L’essor, la réussite

 
En 1740, une Manufacture de porcelaine tendre - ce succédané de la véritable porcelaine, dite porcelaine dure, composée de kaolin à près de 75 % - est fondée dans l'une des tours du château de Vincennes. Cette porcelaine est en effet très convoitée par les cours européennes au XVIIIe siècle, qui ne possèdent pas encore le secret détenu depuis 1710 par la Saxe, celui de l'adjonction du kaolin - une argile blanche - à la pâte de porcelaine.
Louis XV accorde ainsi rapidement son intérêt à la jeune Manufacture de Vincennes et, en 1756, la fait transférer dans des bâtiments construits spécialement pour elle à Sèvres, à mi-chemin entre les Tuileries et Versailles.
 
La réussite éclatante de la Manufacture de Vincennes-Sèvres, accompagnée des privilèges royaux, est le résultat de la conjonction heureuse entre l’excellence des matières, celles des savoir-faire et un goût inspiré de la modernité.
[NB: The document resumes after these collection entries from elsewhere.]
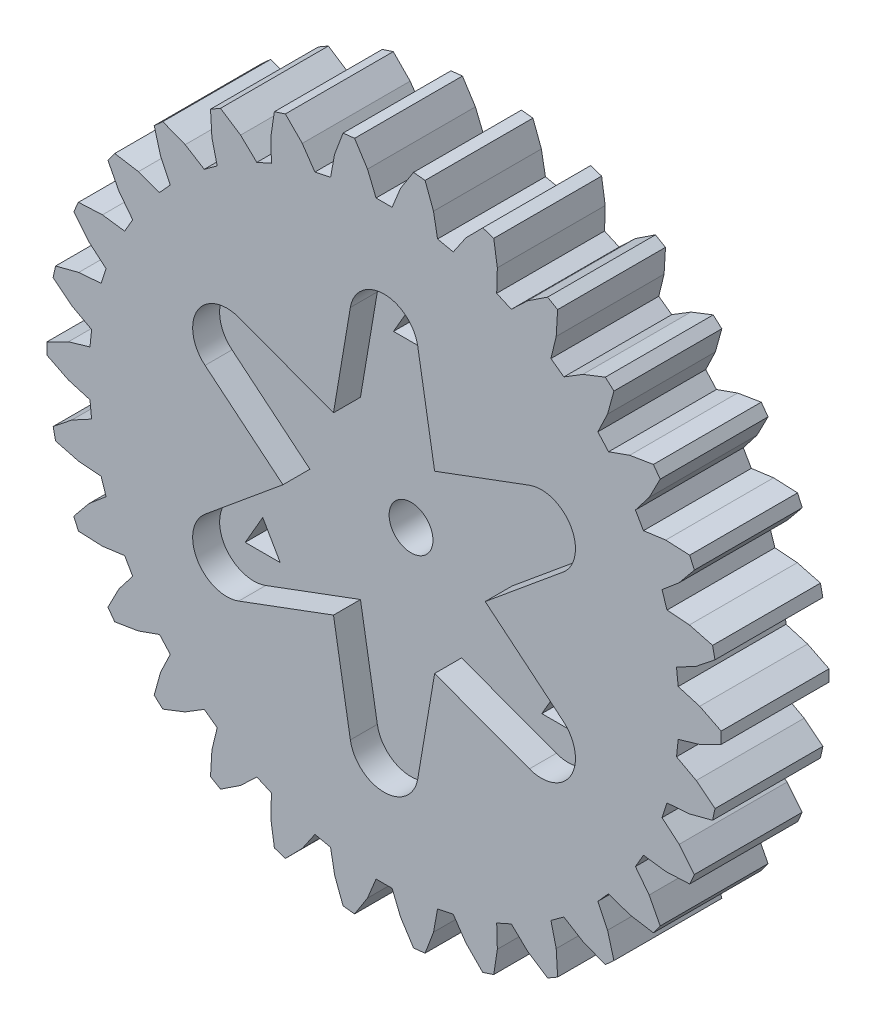
SolidWorks part; units mm, degrees
material "ABS"
ref_plane "Front Plane" through (0, 0, 0) normal (0, 0, 1) x (1, 0, 0)
ref_plane "Top Plane" through (0, 0, 0) normal (0, 1, 0) x (1, 0, 0)
ref_plane "Right Plane" through (0, 0, 0) normal (1, 0, 0) x (0, 0, -1)
sketch "Sketch1" plane through (0, 0, 0) normal (0, 0, 1) x (1, 0, 0)
  line L0 (67.8387, 65.5179) -> (69.435, 65.0497)
  line L1 (69.435, 65.0497) -> (71.0262, 64.252)
  line L2 (71.0262, 64.252) -> (71.0262, 63.394)
  line L3 (71.0262, 63.394) -> (69.435, 62.5962)
  line L4 (69.435, 62.5962) -> (67.8387, 62.1281)
  line L5 (67.8387, 62.1281) -> (67.7144, 60.9457)
  line L6 (67.7144, 60.9457) -> (69.1786, 60.156)
  line L7 (69.1786, 60.156) -> (70.5691, 59.0447)
  line L8 (70.5691, 59.0447) -> (70.3908, 58.2056)
  line L9 (70.3908, 58.2056) -> (68.6684, 57.756)
  line L10 (68.6684, 57.756) -> (67.0096, 57.6301)
  line L11 (67.0096, 57.6301) -> (66.6423, 56.4993)
  line L12 (66.6423, 56.4993) -> (67.9102, 55.4225)
  line L13 (67.9102, 55.4225) -> (69.0393, 54.0464)
  line L14 (69.0393, 54.0464) -> (68.6904, 53.2627)
  line L15 (68.6904, 53.2627) -> (66.9123, 53.181)
  line L16 (66.9123, 53.181) -> (65.2636, 53.4028)
  line L17 (65.2636, 53.4028) -> (64.669, 52.3732)
  line L18 (64.669, 52.3732) -> (65.6854, 51.0562)
  line L19 (65.6854, 51.0562) -> (66.5038, 49.4753)
  line L20 (66.5038, 49.4753) -> (65.9995, 48.7814)
  line L21 (65.9995, 48.7814) -> (64.2432, 49.0712)
  line L22 (64.2432, 49.0712) -> (62.6766, 49.6308)
  line L23 (62.6766, 49.6308) -> (61.8811, 48.7473)
  line L24 (61.8811, 48.7473) -> (62.6014, 47.2478)
  line L25 (62.6014, 47.2478) -> (63.0732, 45.5314)
  line L26 (63.0732, 45.5314) -> (62.4357, 44.9574)
  line L27 (62.4357, 44.9574) -> (60.778, 45.606)
  line L28 (60.778, 45.606) -> (59.3621, 46.4791)
  line L29 (59.3621, 46.4791) -> (58.4003, 45.7802)
  line L30 (58.4003, 45.7802) -> (58.793, 44.1638)
  line L31 (58.793, 44.1638) -> (58.8977, 42.3868)
  line L32 (58.8977, 42.3868) -> (58.1548, 41.9579)
  line L33 (58.1548, 41.9579) -> (56.6682, 42.9369)
  line L34 (56.6682, 42.9369) -> (55.4646, 44.0854)
  line L35 (55.4646, 44.0854) -> (54.3785, 43.6018)
  line L36 (54.3785, 43.6018) -> (54.4267, 41.939)
  line L37 (54.4267, 41.939) -> (54.1596, 40.1792)
  line L38 (54.1596, 40.1792) -> (53.3436, 39.914)
  line L39 (53.3436, 39.914) -> (52.0932, 41.1808)
  line L40 (52.0932, 41.1808) -> (51.1547, 42.5544)
  line L41 (51.1547, 42.5544) -> (49.9918, 42.3072)
  line L42 (49.9918, 42.3072) -> (49.6932, 40.6706)
  line L43 (49.6932, 40.6706) -> (49.066, 39.0048)
  line L44 (49.066, 39.0048) -> (48.2128, 38.9151)
  line L45 (48.2128, 38.9151) -> (47.253, 40.4142)
  line L46 (47.253, 40.4142) -> (46.6207, 41.9528)
  line L47 (46.6207, 41.9528) -> (45.4317, 41.9528)
  line L48 (45.4317, 41.9528) -> (44.7994, 40.4142)
  line L49 (44.7994, 40.4142) -> (43.8396, 38.9151)
  line L50 (43.8396, 38.9151) -> (42.9864, 39.0048)
  line L51 (42.9864, 39.0048) -> (42.3592, 40.6706)
  line L52 (42.3592, 40.6706) -> (42.0606, 42.3072)
  line L53 (42.0606, 42.3072) -> (40.8977, 42.5544)
  line L54 (40.8977, 42.5544) -> (39.9592, 41.1808)
  line L55 (39.9592, 41.1808) -> (38.7088, 39.914)
  line L56 (38.7088, 39.914) -> (37.8928, 40.1792)
  line L57 (37.8928, 40.1792) -> (37.6257, 41.939)
  line L58 (37.6257, 41.939) -> (37.6739, 43.6018)
  line L59 (37.6739, 43.6018) -> (36.5878, 44.0854)
  line L60 (36.5878, 44.0854) -> (35.3842, 42.9369)
  line L61 (35.3842, 42.9369) -> (33.8976, 41.9579)
  line L62 (33.8976, 41.9579) -> (33.1547, 42.3868)
  line L63 (33.1547, 42.3868) -> (33.2594, 44.1638)
  line L64 (33.2594, 44.1638) -> (33.6521, 45.7802)
  line L65 (33.6521, 45.7802) -> (32.6903, 46.4791)
  line L66 (32.6903, 46.4791) -> (31.2744, 45.606)
  line L67 (31.2744, 45.606) -> (29.6167, 44.9574)
  line L68 (29.6167, 44.9574) -> (28.9792, 45.5314)
  line L69 (28.9792, 45.5314) -> (29.451, 47.2478)
  line L70 (29.451, 47.2478) -> (30.1713, 48.7473)
  line L71 (30.1713, 48.7473) -> (29.3758, 49.6308)
  line L72 (29.3758, 49.6308) -> (27.8092, 49.0712)
  line L73 (27.8092, 49.0712) -> (26.0529, 48.7814)
  line L74 (26.0529, 48.7814) -> (25.5486, 49.4753)
  line L75 (25.5486, 49.4753) -> (26.367, 51.0562)
  line L76 (26.367, 51.0562) -> (27.3834, 52.3732)
  line L77 (27.3834, 52.3732) -> (26.7888, 53.4028)
  line L78 (26.7888, 53.4028) -> (25.1401, 53.181)
  line L79 (25.1401, 53.181) -> (23.362, 53.2627)
  line L80 (23.362, 53.2627) -> (23.0131, 54.0464)
  line L81 (23.0131, 54.0464) -> (24.1422, 55.4225)
  line L82 (24.1422, 55.4225) -> (25.4101, 56.4993)
  line L83 (25.4101, 56.4993) -> (25.0428, 57.6301)
  line L84 (25.0428, 57.6301) -> (23.384, 57.756)
  line L85 (23.384, 57.756) -> (21.6616, 58.2056)
  line L86 (21.6616, 58.2056) -> (21.4833, 59.0447)
  line L87 (21.4833, 59.0447) -> (22.8738, 60.156)
  line L88 (22.8738, 60.156) -> (24.338, 60.9457)
  line L89 (24.338, 60.9457) -> (24.2137, 62.1281)
  line L90 (24.2137, 62.1281) -> (22.6174, 62.5962)
  line L91 (22.6174, 62.5962) -> (21.0262, 63.394)
  line L92 (21.0262, 63.394) -> (21.0262, 64.252)
  line L93 (21.0262, 64.252) -> (22.6174, 65.0497)
  line L94 (22.6174, 65.0497) -> (24.2137, 65.5179)
  line L95 (24.2137, 65.5179) -> (24.338, 66.7003)
  line L96 (24.338, 66.7003) -> (22.8738, 67.49)
  line L97 (22.8738, 67.49) -> (21.4833, 68.6013)
  line L98 (21.4833, 68.6013) -> (21.6616, 69.4404)
  line L99 (21.6616, 69.4404) -> (23.384, 69.89)
  line L100 (23.384, 69.89) -> (25.0428, 70.0159)
  line L101 (25.0428, 70.0159) -> (25.4101, 71.1467)
  line L102 (25.4101, 71.1467) -> (24.1422, 72.2235)
  line L103 (24.1422, 72.2235) -> (23.0131, 73.5996)
  line L104 (23.0131, 73.5996) -> (23.362, 74.3832)
  line L105 (23.362, 74.3832) -> (25.1401, 74.465)
  line L106 (25.1401, 74.465) -> (26.7888, 74.2432)
  line L107 (26.7888, 74.2432) -> (27.3834, 75.2728)
  line L108 (27.3834, 75.2728) -> (26.367, 76.5898)
  line L109 (26.367, 76.5898) -> (25.5486, 78.1707)
  line L110 (25.5486, 78.1707) -> (26.0529, 78.8646)
  line L111 (26.0529, 78.8646) -> (27.8092, 78.5748)
  line L112 (27.8092, 78.5748) -> (29.3758, 78.0151)
  line L113 (29.3758, 78.0151) -> (30.1713, 78.8987)
  line L114 (30.1713, 78.8987) -> (29.451, 80.3982)
  line L115 (29.451, 80.3982) -> (28.9792, 82.1145)
  line L116 (28.9792, 82.1145) -> (29.6167, 82.6886)
  line L117 (29.6167, 82.6886) -> (31.2744, 82.04)
  line L118 (31.2744, 82.04) -> (32.6903, 81.1669)
  line L119 (32.6903, 81.1669) -> (33.6521, 81.8658)
  line L120 (33.6521, 81.8658) -> (33.2594, 83.4822)
  line L121 (33.2594, 83.4822) -> (33.1547, 85.2592)
  line L122 (33.1547, 85.2592) -> (33.8976, 85.6881)
  line L123 (33.8976, 85.6881) -> (35.3842, 84.7091)
  line L124 (35.3842, 84.7091) -> (36.5878, 83.5606)
  line L125 (36.5878, 83.5606) -> (37.6739, 84.0442)
  line L126 (37.6739, 84.0442) -> (37.6257, 85.707)
  line L127 (37.6257, 85.707) -> (37.8928, 87.4668)
  line L128 (37.8928, 87.4668) -> (38.7088, 87.732)
  line L129 (38.7088, 87.732) -> (39.9592, 86.4652)
  line L130 (39.9592, 86.4652) -> (40.8977, 85.0916)
  line L131 (40.8977, 85.0916) -> (42.0606, 85.3388)
  line L132 (42.0606, 85.3388) -> (42.3592, 86.9754)
  line L133 (42.3592, 86.9754) -> (42.9864, 88.6412)
  line L134 (42.9864, 88.6412) -> (43.8396, 88.7309)
  line L135 (43.8396, 88.7309) -> (44.7994, 87.2318)
  line L136 (44.7994, 87.2318) -> (45.4317, 85.6932)
  line L137 (45.4317, 85.6932) -> (46.6207, 85.6932)
  line L138 (46.6207, 85.6932) -> (47.253, 87.2318)
  line L139 (47.253, 87.2318) -> (48.2128, 88.7309)
  line L140 (48.2128, 88.7309) -> (49.066, 88.6412)
  line L141 (49.066, 88.6412) -> (49.6932, 86.9754)
  line L142 (49.6932, 86.9754) -> (49.9918, 85.3388)
  line L143 (49.9918, 85.3388) -> (51.1547, 85.0916)
  line L144 (51.1547, 85.0916) -> (52.0932, 86.4652)
  line L145 (52.0932, 86.4652) -> (53.3436, 87.732)
  line L146 (53.3436, 87.732) -> (54.1596, 87.4668)
  line L147 (54.1596, 87.4668) -> (54.4267, 85.707)
  line L148 (54.4267, 85.707) -> (54.3785, 84.0442)
  line L149 (54.3785, 84.0442) -> (55.4646, 83.5606)
  line L150 (55.4646, 83.5606) -> (56.6682, 84.7091)
  line L151 (56.6682, 84.7091) -> (58.1548, 85.6881)
  line L152 (58.1548, 85.6881) -> (58.8977, 85.2592)
  line L153 (58.8977, 85.2592) -> (58.793, 83.4822)
  line L154 (58.793, 83.4822) -> (58.4003, 81.8658)
  line L155 (58.4003, 81.8658) -> (59.3621, 81.1669)
  line L156 (59.3621, 81.1669) -> (60.778, 82.04)
  line L157 (60.778, 82.04) -> (62.4357, 82.6886)
  line L158 (62.4357, 82.6886) -> (63.0732, 82.1145)
  line L159 (63.0732, 82.1145) -> (62.6014, 80.3982)
  line L160 (62.6014, 80.3982) -> (61.8811, 78.8987)
  line L161 (61.8811, 78.8987) -> (62.6766, 78.0151)
  line L162 (62.6766, 78.0151) -> (64.2432, 78.5748)
  line L163 (64.2432, 78.5748) -> (65.9995, 78.8646)
  line L164 (65.9995, 78.8646) -> (66.5038, 78.1707)
  line L165 (66.5038, 78.1707) -> (65.6854, 76.5898)
  line L166 (65.6854, 76.5898) -> (64.669, 75.2728)
  line L167 (64.669, 75.2728) -> (65.2636, 74.2432)
  line L168 (65.2636, 74.2432) -> (66.9123, 74.465)
  line L169 (66.9123, 74.465) -> (68.6904, 74.3832)
  line L170 (68.6904, 74.3832) -> (69.0393, 73.5996)
  line L171 (69.0393, 73.5996) -> (67.9102, 72.2235)
  line L172 (67.9102, 72.2235) -> (66.6423, 71.1467)
  line L173 (66.6423, 71.1467) -> (67.0096, 70.0159)
  line L174 (67.0096, 70.0159) -> (68.6684, 69.89)
  line L175 (68.6684, 69.89) -> (70.3908, 69.4404)
  line L176 (70.3908, 69.4404) -> (70.5691, 68.6013)
  line L177 (70.5691, 68.6013) -> (69.1786, 67.49)
  line L178 (69.1786, 67.49) -> (67.7144, 66.7003)
  line L179 (67.7144, 66.7003) -> (67.8387, 65.5179)
  line L180 (48.6394, 38.96) -> (43.413, 88.686) construction
  line L181 (21.0262, 63.823) -> (71.0262, 63.823) construction
  point P184 (46.0262, 63.823)
sketch "Sketch3" plane through (0, 0, 0) normal (0, 0, 1) x (1, 0, 0)
  circle A0 centre (46.0262, 63.823) radius 18
  dimension "D1" = 36
sketch "Sketch4" plane through (0, 0, 0) normal (0, 0, 1) x (1, 0, 0)
  line L0 (42.2762, 70.3182) -> (46.0262, 63.823) construction
  line L1 (48.6394, 38.96) -> (43.413, 88.686) construction
  line L2 (46.0262, 63.823) -> (46.0262, 79.823) construction
  line L3 (42.2762, 70.3182) -> (43.5262, 77.7103)
  line L4 (49.7762, 70.3182) -> (48.5262, 77.7103)
  line L5 (46.0262, 63.823) -> (49.7762, 70.3182) construction
  line L6 (49.7762, 70.3182) -> (56.8029, 72.9317)
  line L7 (53.5262, 63.823) -> (59.3029, 68.6016)
  line L8 (53.5262, 63.823) -> (59.3029, 59.0444)
  line L9 (49.7762, 57.3278) -> (56.8029, 54.7143)
  line L10 (49.7762, 57.3278) -> (48.5262, 49.9357)
  line L11 (42.2762, 57.3278) -> (43.5262, 49.9357)
  line L12 (42.2762, 57.3278) -> (35.2495, 54.7143)
  line L13 (38.5262, 63.823) -> (32.7495, 59.0444)
  line L14 (38.5262, 63.823) -> (32.7495, 68.6016)
  line L15 (42.2762, 70.3182) -> (35.2495, 72.9317)
  arc A0 (48.5262, 77.7103) -> (43.5262, 77.7103) centre (46.0262, 77.2875) ccw
  circle A1 centre (46.0262, 63.823) radius 7.5 construction
  arc A2 (59.3029, 68.6016) -> (56.8029, 72.9317) centre (57.6868, 70.5553) ccw
  circle A3 centre (46.0262, 63.823) radius 7.5 construction
  arc A4 (56.8029, 54.7143) -> (59.3029, 59.0444) centre (57.6868, 57.0907) ccw
  circle A5 centre (46.0262, 63.823) radius 7.5 construction
  arc A6 (43.5262, 49.9357) -> (48.5262, 49.9357) centre (46.0262, 50.3585) ccw
  circle A7 centre (46.0262, 63.823) radius 7.5 construction
  arc A8 (32.7495, 59.0444) -> (35.2495, 54.7143) centre (34.3656, 57.0907) ccw
  circle A9 centre (46.0262, 63.823) radius 7.5 construction
  arc A10 (35.2495, 72.9317) -> (32.7495, 68.6016) centre (34.3656, 70.5553) ccw
  circle A11 centre (46.0262, 63.823) radius 7.5 construction
  point P0 (46.0262, 63.823)
  point P43 (46.0262, 63.823)
  dimension "D1" = 16
  dimension "D2" = 6
  dimension "D3" = 7.5
  dimension "D4" = 5
extrude "Boss-Extrude1" add sketch "Sketch1" against normal blind 8
sketch "Sketch5" plane through (0, 0, 0) normal (0, 0, 1) x (1, 0, 0)
  circle A0 centre (46.0262, 63.823) radius 1.625
  point P0 (46.0262, 63.823)
  dimension "D1" = 3.25
sketch "Sketch7" plane through (0, 0, -8) normal (0, 0, -1) x (-1, 0, 0)
  circle A0 centre (-46.0262, 63.823) radius 2.875
  point P0 (-46.0262, 63.823)
  dimension "D1" = 5.75
extrude "Cut-Extrude4" cut sketch "Sketch4" against normal blind 2
extrude "Cut-Extrude5" cut sketch "Sketch5" against normal through all
extrude "Cut-Extrude6" cut sketch "Sketch7" against normal blind 1.5
sketch "Sketch9" plane through (0, 0, 0) normal (0, 0, 1) x (1, 0, 0)
  line L0 (46.0262, 63.823) -> (46.0262, 81.823) construction
  line L1 (57.0247, 58.973) -> (55.7257, 56.723)
  line L2 (47.3252, 75.773) -> (46.0262, 78.023)
  line L3 (46.0262, 78.023) -> (44.7272, 75.773)
  line L4 (44.7272, 75.773) -> (47.3252, 75.773)
  line L5 (55.7257, 56.723) -> (58.3238, 56.723)
  line L6 (58.3238, 56.723) -> (57.0247, 58.973)
  line L7 (46.0262, 63.823) -> (61.6147, 54.823) construction
  line L8 (36.3267, 56.723) -> (35.0277, 58.973)
  line L9 (35.0277, 58.973) -> (33.7286, 56.723)
  line L10 (33.7286, 56.723) -> (36.3267, 56.723)
  line L11 (46.0262, 63.823) -> (30.4377, 54.823) construction
  circle A0 centre (46.0262, 63.823) radius 18 construction
  circle A1 centre (46.0262, 76.523) radius 0.75 construction
  point P0 (46.0262, 63.823)
  point P22 (46.0262, 63.823)
  dimension "D1" = 1.5
  dimension "D2" = 12.7
  dimension "D3" = 3
extrude "Cut-Extrude7" cut sketch "Sketch9" against normal through all

Les modèles sont conçus par des artistes de renom, comme François Boucher, peintre du Roi, premier artiste invité en 1749. Giovanni Claudio Ciambellano, dit Duplessis père, orfèvre du Roi, est le créateur de la plupart des formes de 1748 à sa mort, en 1774.
 
En 1752, les sculptures sont délibérément laissées en biscuit, sans émail et sans décor, afin de les distinguer de la sculpture polychrome allemande très en vogue et de les apparenter à la froideur du marbre. Etienne-Maurice Falconet, chargé de la sculpture de 1757 à 1766, participe activement au succès du biscuit de Sèvres.
En 1759, le roi fait passer sous l’entier contrôle de la Couronne la jeune Manufacture.
 
En 1768, deux chercheurs de la Manufacture de Sèvres découvrent le premier gisement de kaolin sur le sol français, près de Limoges. La porcelaine dure est grâce à cette découverte commercialisée à Sèvres dès 1770.
 
A cette époque, le style passe du baroque au néo-classique, très présent dans la sculpture - dirigée de 1773 à 1800 par Louis-Simon Boizot membre de l’Académie royale -, avec des allégories et des sujets mythologiques. Durant la Révolution, l’iconographie s’inspire des nouveaux thèmes patriotiques.